Task to carry out:
What is needed is an exact copy of the lines from the one containing "fillet(fillet3_edges, radius=FILLET3_R - 0.0001)" through the final line of the material below.

Dataset:

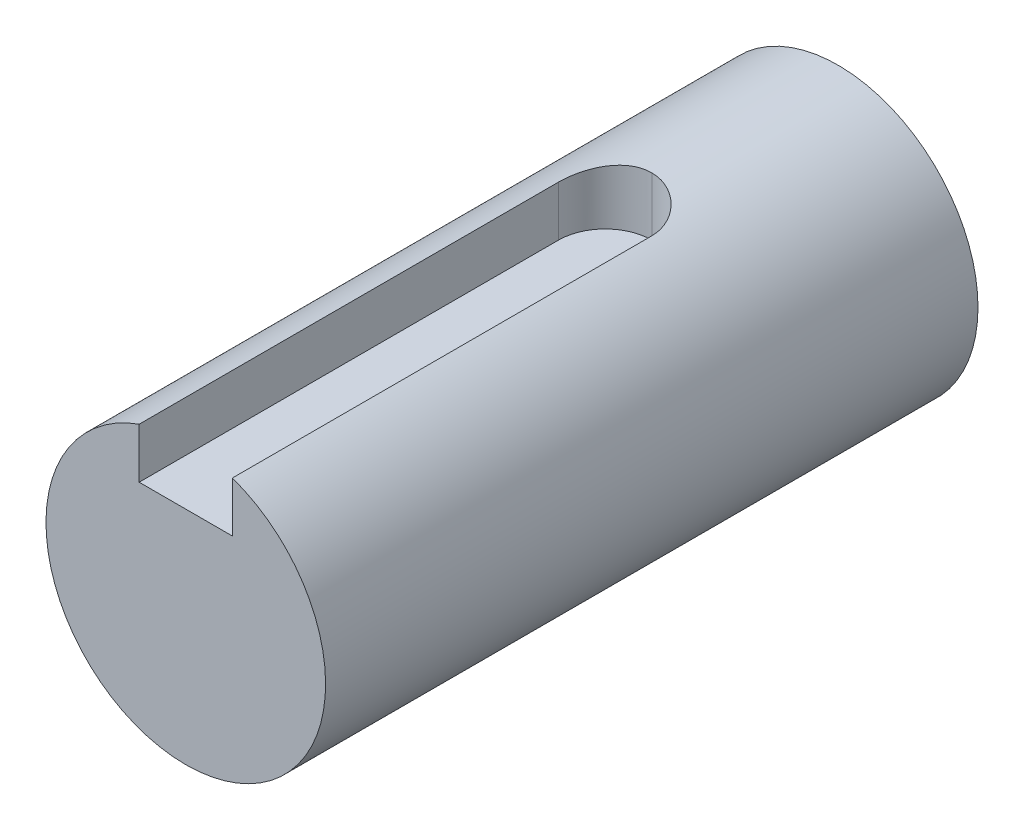
from build123d import *

# Parameters (mm, degrees)
SKETCH1_R           = 6
BOSS_EXTRUDE1_DEPTH = 28
SKETCH2_W           = 4
SKETCH2_H           = 2.5
CUT_EXTRUDE1_DEPTH  = 20
FILLET2_R           = 2
FILLET3_R           = 2


with BuildPart() as part:
    # Sketch1 → Boss-Extrude1 (new body)
    with BuildSketch(Plane.XY):
        Circle(SKETCH1_R)
    extrude(amount=BOSS_EXTRUDE1_DEPTH)

    # Sketch2 → Cut-Extrude1 (cut)
    with BuildSketch(Plane.XY.offset(28)):
        with Locations((0, 4.75)):
            Rectangle(SKETCH2_W, SKETCH2_H)
    extrude(amount=-CUT_EXTRUDE1_DEPTH, mode=Mode.SUBTRACT)

    # Fillet2
    fillet2_edges = [part.edges().sort_by_distance(p)[0] for p in [
        (-2, 4.578427125, 8),
    ]]
    fillet(fillet2_edges, radius=FILLET2_R)

    # Fillet3
    fillet3_edges = [part.edges().sort_by_distance(p)[0] for p in [
        (2, 4.578427125, 8),
    ]]
    fillet(fillet3_edges, radius=FILLET3_R - 0.0001)  # a hair under: the kernel refuses the full size


solid = part.part

Written reply:
    fillet(fillet3_edges, radius=FILLET3_R - 0.0001)  # a hair under: the kernel refuses the full size


solid = part.part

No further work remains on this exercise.